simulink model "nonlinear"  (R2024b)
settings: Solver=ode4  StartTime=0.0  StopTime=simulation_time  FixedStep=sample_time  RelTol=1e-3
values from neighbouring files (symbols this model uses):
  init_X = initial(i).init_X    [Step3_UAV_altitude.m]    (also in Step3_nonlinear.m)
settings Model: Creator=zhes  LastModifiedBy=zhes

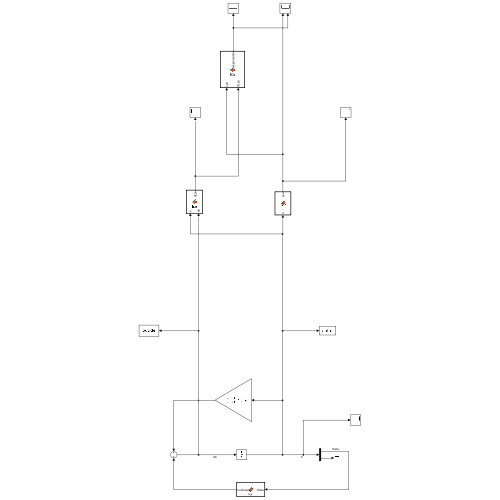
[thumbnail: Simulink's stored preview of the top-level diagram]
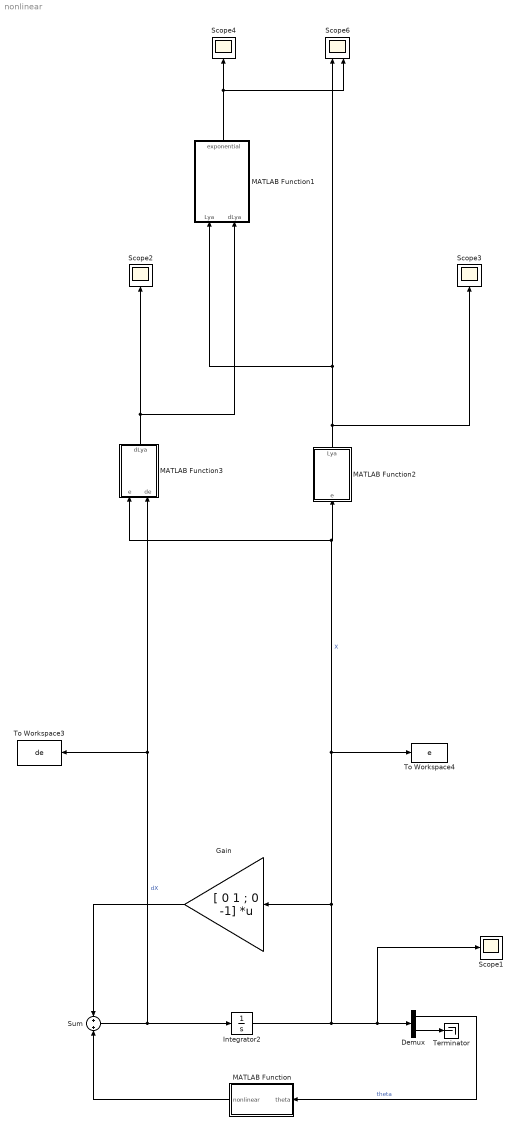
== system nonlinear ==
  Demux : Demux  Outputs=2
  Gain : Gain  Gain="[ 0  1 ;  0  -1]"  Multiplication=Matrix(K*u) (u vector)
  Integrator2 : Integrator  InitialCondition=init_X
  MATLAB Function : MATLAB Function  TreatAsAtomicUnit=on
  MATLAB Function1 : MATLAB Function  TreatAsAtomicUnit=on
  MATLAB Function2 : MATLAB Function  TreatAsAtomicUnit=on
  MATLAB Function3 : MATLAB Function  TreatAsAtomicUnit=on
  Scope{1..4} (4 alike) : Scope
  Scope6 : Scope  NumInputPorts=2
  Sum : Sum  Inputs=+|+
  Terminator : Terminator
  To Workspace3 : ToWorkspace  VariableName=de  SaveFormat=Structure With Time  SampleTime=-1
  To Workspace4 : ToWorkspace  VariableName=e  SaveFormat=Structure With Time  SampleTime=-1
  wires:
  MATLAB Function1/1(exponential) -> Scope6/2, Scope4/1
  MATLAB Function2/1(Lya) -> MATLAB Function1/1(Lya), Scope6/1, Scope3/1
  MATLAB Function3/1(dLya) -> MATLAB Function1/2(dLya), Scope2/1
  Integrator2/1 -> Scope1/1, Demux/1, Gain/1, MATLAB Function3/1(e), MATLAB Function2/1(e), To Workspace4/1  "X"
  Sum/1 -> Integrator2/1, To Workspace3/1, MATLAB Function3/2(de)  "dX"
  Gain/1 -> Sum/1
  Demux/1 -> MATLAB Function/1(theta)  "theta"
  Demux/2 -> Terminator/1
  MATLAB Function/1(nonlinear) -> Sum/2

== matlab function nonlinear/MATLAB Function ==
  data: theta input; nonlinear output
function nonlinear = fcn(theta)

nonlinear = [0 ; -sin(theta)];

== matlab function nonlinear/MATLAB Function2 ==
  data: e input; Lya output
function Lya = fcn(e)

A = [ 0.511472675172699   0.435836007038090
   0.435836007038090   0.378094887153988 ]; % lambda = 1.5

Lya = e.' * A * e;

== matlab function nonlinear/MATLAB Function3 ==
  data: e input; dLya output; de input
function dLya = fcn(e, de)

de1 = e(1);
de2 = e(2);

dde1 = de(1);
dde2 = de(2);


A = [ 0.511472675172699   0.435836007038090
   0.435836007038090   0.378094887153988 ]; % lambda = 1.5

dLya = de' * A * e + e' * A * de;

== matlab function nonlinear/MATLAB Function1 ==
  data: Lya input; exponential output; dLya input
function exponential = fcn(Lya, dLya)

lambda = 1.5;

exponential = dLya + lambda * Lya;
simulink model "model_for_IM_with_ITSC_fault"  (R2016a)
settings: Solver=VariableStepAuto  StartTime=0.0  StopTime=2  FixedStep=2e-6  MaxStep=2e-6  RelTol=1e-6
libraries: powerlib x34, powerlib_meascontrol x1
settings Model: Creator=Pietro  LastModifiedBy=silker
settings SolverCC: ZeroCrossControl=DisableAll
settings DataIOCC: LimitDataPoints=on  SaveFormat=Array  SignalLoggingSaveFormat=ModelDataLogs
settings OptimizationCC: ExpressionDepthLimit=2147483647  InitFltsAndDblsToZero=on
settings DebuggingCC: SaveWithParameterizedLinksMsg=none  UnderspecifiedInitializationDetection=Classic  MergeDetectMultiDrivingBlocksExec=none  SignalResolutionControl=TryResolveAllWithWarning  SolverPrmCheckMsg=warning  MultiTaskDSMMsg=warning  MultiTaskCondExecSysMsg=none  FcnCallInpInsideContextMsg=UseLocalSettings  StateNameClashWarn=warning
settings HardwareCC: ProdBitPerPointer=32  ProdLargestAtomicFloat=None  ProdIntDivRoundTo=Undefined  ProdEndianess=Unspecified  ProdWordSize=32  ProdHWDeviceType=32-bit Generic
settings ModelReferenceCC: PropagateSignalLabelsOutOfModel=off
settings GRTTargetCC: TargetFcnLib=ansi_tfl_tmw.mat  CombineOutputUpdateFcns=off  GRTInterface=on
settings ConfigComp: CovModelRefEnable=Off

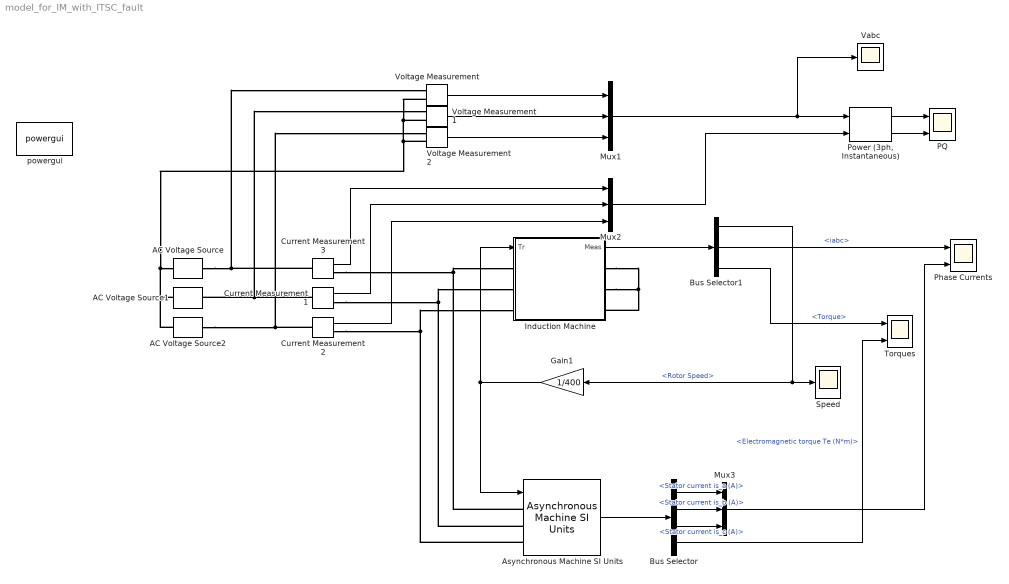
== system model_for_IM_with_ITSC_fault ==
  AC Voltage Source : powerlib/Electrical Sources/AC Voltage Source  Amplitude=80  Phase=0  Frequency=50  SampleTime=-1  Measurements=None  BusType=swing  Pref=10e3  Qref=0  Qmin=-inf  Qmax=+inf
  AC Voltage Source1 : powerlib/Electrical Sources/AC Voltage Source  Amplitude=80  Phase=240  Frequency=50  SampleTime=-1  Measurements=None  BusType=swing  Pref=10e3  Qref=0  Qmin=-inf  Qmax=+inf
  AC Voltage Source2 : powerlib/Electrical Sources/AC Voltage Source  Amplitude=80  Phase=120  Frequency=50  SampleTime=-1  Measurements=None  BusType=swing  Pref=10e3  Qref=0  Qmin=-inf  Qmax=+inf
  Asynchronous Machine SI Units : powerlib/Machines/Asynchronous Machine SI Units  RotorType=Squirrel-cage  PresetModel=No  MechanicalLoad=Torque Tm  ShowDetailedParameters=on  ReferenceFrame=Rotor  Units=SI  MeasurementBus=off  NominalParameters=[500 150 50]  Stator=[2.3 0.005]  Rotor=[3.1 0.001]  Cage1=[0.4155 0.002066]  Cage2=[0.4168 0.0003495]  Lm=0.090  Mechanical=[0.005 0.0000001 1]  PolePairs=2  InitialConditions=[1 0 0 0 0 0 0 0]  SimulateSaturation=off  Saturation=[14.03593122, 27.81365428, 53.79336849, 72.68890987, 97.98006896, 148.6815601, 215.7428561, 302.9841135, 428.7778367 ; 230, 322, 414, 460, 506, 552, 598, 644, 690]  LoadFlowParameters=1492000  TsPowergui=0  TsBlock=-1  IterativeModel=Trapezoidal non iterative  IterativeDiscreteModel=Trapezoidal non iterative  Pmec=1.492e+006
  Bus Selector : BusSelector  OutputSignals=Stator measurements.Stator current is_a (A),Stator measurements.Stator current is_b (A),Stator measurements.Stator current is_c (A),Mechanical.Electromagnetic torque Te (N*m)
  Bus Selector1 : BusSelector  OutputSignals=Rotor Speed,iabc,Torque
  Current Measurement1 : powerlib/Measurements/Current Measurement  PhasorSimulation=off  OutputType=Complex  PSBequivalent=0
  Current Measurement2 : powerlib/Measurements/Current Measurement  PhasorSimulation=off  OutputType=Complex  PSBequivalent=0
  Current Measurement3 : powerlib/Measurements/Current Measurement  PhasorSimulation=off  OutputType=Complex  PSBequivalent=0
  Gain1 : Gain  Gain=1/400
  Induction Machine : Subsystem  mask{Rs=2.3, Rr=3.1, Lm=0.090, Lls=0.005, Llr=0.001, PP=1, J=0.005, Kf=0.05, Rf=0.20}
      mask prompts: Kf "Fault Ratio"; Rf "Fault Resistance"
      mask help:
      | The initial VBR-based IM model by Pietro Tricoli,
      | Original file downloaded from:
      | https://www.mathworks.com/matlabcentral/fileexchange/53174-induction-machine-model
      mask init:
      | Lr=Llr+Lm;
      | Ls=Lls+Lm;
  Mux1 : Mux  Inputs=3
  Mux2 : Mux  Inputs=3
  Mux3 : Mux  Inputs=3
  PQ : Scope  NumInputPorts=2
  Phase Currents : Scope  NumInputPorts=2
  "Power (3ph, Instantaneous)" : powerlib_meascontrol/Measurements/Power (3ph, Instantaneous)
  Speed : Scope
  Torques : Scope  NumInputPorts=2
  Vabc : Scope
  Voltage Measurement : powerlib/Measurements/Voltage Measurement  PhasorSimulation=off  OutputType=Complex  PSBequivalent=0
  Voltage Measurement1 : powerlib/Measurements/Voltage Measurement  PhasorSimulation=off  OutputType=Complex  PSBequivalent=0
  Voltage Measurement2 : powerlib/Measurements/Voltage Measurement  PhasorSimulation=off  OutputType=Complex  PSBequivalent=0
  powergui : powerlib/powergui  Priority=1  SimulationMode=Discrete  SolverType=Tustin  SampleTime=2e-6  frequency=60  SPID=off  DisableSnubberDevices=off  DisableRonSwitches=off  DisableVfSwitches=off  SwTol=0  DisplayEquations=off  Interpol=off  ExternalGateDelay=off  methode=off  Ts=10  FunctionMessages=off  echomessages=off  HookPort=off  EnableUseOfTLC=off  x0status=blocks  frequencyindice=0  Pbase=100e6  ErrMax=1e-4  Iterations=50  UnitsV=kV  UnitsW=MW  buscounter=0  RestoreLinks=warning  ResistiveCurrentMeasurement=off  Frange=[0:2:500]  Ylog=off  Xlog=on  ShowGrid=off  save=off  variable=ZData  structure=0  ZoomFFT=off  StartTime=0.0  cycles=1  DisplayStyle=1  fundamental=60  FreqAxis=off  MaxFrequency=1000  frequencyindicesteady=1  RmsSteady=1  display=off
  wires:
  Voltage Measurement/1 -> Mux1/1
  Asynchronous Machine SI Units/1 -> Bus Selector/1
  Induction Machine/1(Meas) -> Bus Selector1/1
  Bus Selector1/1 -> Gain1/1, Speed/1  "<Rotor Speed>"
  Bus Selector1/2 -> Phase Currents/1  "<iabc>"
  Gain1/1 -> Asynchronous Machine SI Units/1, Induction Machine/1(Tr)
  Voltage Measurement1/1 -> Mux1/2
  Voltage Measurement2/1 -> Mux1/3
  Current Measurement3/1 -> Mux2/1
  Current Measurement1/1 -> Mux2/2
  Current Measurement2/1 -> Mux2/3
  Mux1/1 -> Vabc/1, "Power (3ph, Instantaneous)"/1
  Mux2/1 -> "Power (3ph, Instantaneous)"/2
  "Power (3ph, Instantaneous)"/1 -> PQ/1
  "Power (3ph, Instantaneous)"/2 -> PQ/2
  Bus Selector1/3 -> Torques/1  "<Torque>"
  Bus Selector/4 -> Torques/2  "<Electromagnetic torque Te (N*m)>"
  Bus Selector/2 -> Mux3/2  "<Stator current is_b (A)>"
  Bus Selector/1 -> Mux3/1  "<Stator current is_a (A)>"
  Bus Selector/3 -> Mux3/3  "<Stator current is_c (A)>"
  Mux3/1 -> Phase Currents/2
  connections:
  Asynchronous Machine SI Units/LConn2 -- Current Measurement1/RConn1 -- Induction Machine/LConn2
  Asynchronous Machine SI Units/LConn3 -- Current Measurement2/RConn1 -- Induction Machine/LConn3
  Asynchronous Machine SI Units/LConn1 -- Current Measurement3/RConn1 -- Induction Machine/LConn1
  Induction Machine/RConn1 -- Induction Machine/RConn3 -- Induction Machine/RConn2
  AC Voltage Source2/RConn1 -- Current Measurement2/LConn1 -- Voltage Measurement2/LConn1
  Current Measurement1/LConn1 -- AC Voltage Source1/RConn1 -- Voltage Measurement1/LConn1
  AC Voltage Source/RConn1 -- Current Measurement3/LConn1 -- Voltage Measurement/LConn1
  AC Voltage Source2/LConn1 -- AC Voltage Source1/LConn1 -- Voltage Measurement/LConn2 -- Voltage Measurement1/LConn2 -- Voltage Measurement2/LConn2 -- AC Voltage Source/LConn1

—————

**Work order:**
Would you restate, word for word and with no pictures, only the lines from the opening of the material through the line with "Lya = e.' * A * e;", both included?

**Response:**
simulink model "nonlinear"  (R2024b)
settings: Solver=ode4  StartTime=0.0  StopTime=simulation_time  FixedStep=sample_time  RelTol=1e-3
values from neighbouring files (symbols this model uses):
  init_X = initial(i).init_X    [Step3_UAV_altitude.m]    (also in Step3_nonlinear.m)
settings Model: Creator=zhes  LastModifiedBy=zhes

[thumbnail: Simulink's stored preview of the top-level diagram]
== system nonlinear ==
  Demux : Demux  Outputs=2
  Gain : Gain  Gain="[ 0  1 ;  0  -1]"  Multiplication=Matrix(K*u) (u vector)
  Integrator2 : Integrator  InitialCondition=init_X
  MATLAB Function : MATLAB Function  TreatAsAtomicUnit=on
  MATLAB Function1 : MATLAB Function  TreatAsAtomicUnit=on
  MATLAB Function2 : MATLAB Function  TreatAsAtomicUnit=on
  MATLAB Function3 : MATLAB Function  TreatAsAtomicUnit=on
  Scope{1..4} (4 alike) : Scope
  Scope6 : Scope  NumInputPorts=2
  Sum : Sum  Inputs=+|+
  Terminator : Terminator
  To Workspace3 : ToWorkspace  VariableName=de  SaveFormat=Structure With Time  SampleTime=-1
  To Workspace4 : ToWorkspace  VariableName=e  SaveFormat=Structure With Time  SampleTime=-1
  wires:
  MATLAB Function1/1(exponential) -> Scope6/2, Scope4/1
  MATLAB Function2/1(Lya) -> MATLAB Function1/1(Lya), Scope6/1, Scope3/1
  MATLAB Function3/1(dLya) -> MATLAB Function1/2(dLya), Scope2/1
  Integrator2/1 -> Scope1/1, Demux/1, Gain/1, MATLAB Function3/1(e), MATLAB Function2/1(e), To Workspace4/1  "X"
  Sum/1 -> Integrator2/1, To Workspace3/1, MATLAB Function3/2(de)  "dX"
  Gain/1 -> Sum/1
  Demux/1 -> MATLAB Function/1(theta)  "theta"
  Demux/2 -> Terminator/1
  MATLAB Function/1(nonlinear) -> Sum/2

== matlab function nonlinear/MATLAB Function ==
  data: theta input; nonlinear output
function nonlinear = fcn(theta)

nonlinear = [0 ; -sin(theta)];

== matlab function nonlinear/MATLAB Function2 ==
  data: e input; Lya output
function Lya = fcn(e)

A = [ 0.511472675172699   0.435836007038090
   0.435836007038090   0.378094887153988 ]; % lambda = 1.5

Lya = e.' * A * e;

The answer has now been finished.